Top of ENTRIES SHOWN

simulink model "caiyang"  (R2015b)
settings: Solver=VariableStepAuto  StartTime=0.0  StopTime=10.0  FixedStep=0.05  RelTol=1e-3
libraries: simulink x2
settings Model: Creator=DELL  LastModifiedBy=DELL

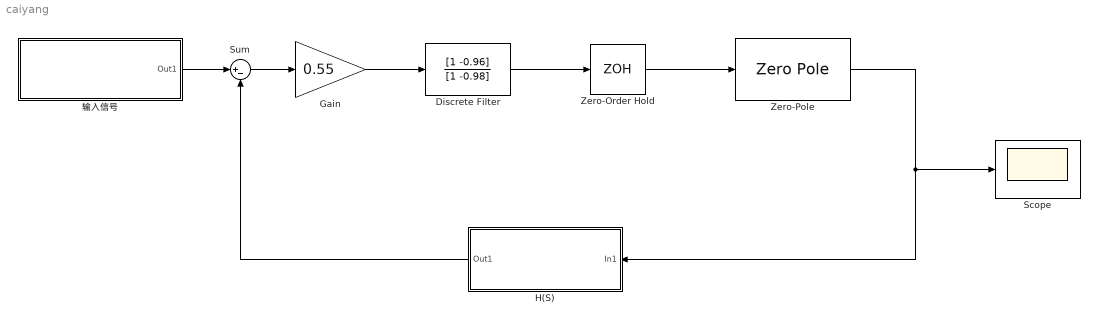
== system caiyang ==
  Discrete Filter : DiscreteFilter  Numerator=[1 -0.96]  Denominator=[1 -0.98]  SampleTime=0.05
  Gain : Gain  Gain=0.55
  H(S) : Subsystem  mask{K2=1, den_h=[0 0 1]}
      mask prompts: K2 "K"; den_h "参数设置"
      mask DialogControl DescTextVar Prompt: H(S)分子参数设置
      mask DialogControl Control2 Prompt: H(S)分母参数设置
      mask Display: dpoly([0 0 K2], den_h, 's')
  Scope : Scope
  Sum : Sum  Inputs=|+-
  Zero-Order Hold : ZeroOrderHold  SampleTime=0.05
  Zero-Pole : ZeroPole  Zeros=[]  Poles=[0 -10 -2]  Gain=[30]
  输入信号 : Subsystem  mask{input_num=阶跃信号, step_time=0, step_init=0, step_final=10}
      mask prompts: input_num "信号输入选择"; step_time "阶跃时间"; step_init "初值"; step_final "终值"
      mask TypeOptions input_num: 阶跃信号 | 斜坡信号 | 加速度信号 | 正弦信号
      mask DialogControl Control1 Prompt: 阶跃信号参数设置
      mask Display:
      | if input_num==1
      |     disp('阶跃输入');
      | elseif input_num==2
      |     disp('斜坡（速度）输入');
      | elseif input_num==3
      |     disp('加速度输入');
      | elseif input_num==4
      |     disp('正弦');
      | else
      |     disp('输入信号选择');
      | end
  wires:
  输入信号/1(Out1) -> Sum/1
  Zero-Pole/1 -> H(S)/1(In1), Scope/1
  H(S)/1(Out1) -> Sum/2
  Sum/1 -> Gain/1
  Gain/1 -> Discrete Filter/1
  Discrete Filter/1 -> Zero-Order Hold/1
  Zero-Order Hold/1 -> Zero-Pole/1

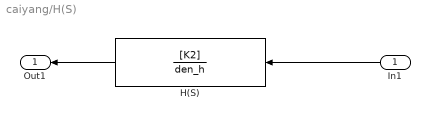
== system caiyang/H(S) ==
  In1 : Inport
  H(S) : TransferFcn  Numerator=[K2]  Denominator=den_h  mask{K2=1, den_h=[0 0 0 1]}
      mask prompts: K2 "K"; den_h "参数输入"
      mask Display: dpoly([0 0 K2], den_h, 's')
  Out1 : Outport
  wires:
  In1/1 -> H(S)/1
  H(S)/1 -> Out1/1

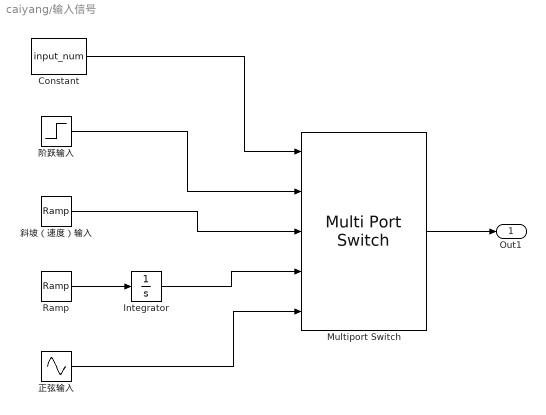
== system caiyang/输入信号 ==
  Constant : Constant  Value=input_num
  Integrator : Integrator
  Multiport Switch : MultiPortSwitch  Inputs=4
  Ramp : simulink/Sources/Ramp  slope=1  start=0  X0=0
  斜坡（速度）输入 : simulink/Sources/Ramp  slope=1  start=0  X0=0
  正弦输入 : Sin  SampleTime=0
  阶跃输入 : Step  Time=step_time  Before=step_init  After=step_final  SampleTime=0
  Out1 : Outport
  wires:
  Ramp/1 -> Integrator/1
  阶跃输入/1 -> Multiport Switch/2
  斜坡（速度）输入/1 -> Multiport Switch/3
  Integrator/1 -> Multiport Switch/4
  Multiport Switch/1 -> Out1/1
  正弦输入/1 -> Multiport Switch/5
  Constant/1 -> Multiport Switch/1

Bottom of ENTRIES SHOWN

> [EXERCISE GOAL]: Find the word "Ramp" in the entries above, then copy each line that holds it.

> [SOLUTION]:
  Ramp : simulink/Sources/Ramp  slope=1  start=0  X0=0
  斜坡（速度）输入 : simulink/Sources/Ramp  slope=1  start=0  X0=0
  Ramp/1 -> Integrator/1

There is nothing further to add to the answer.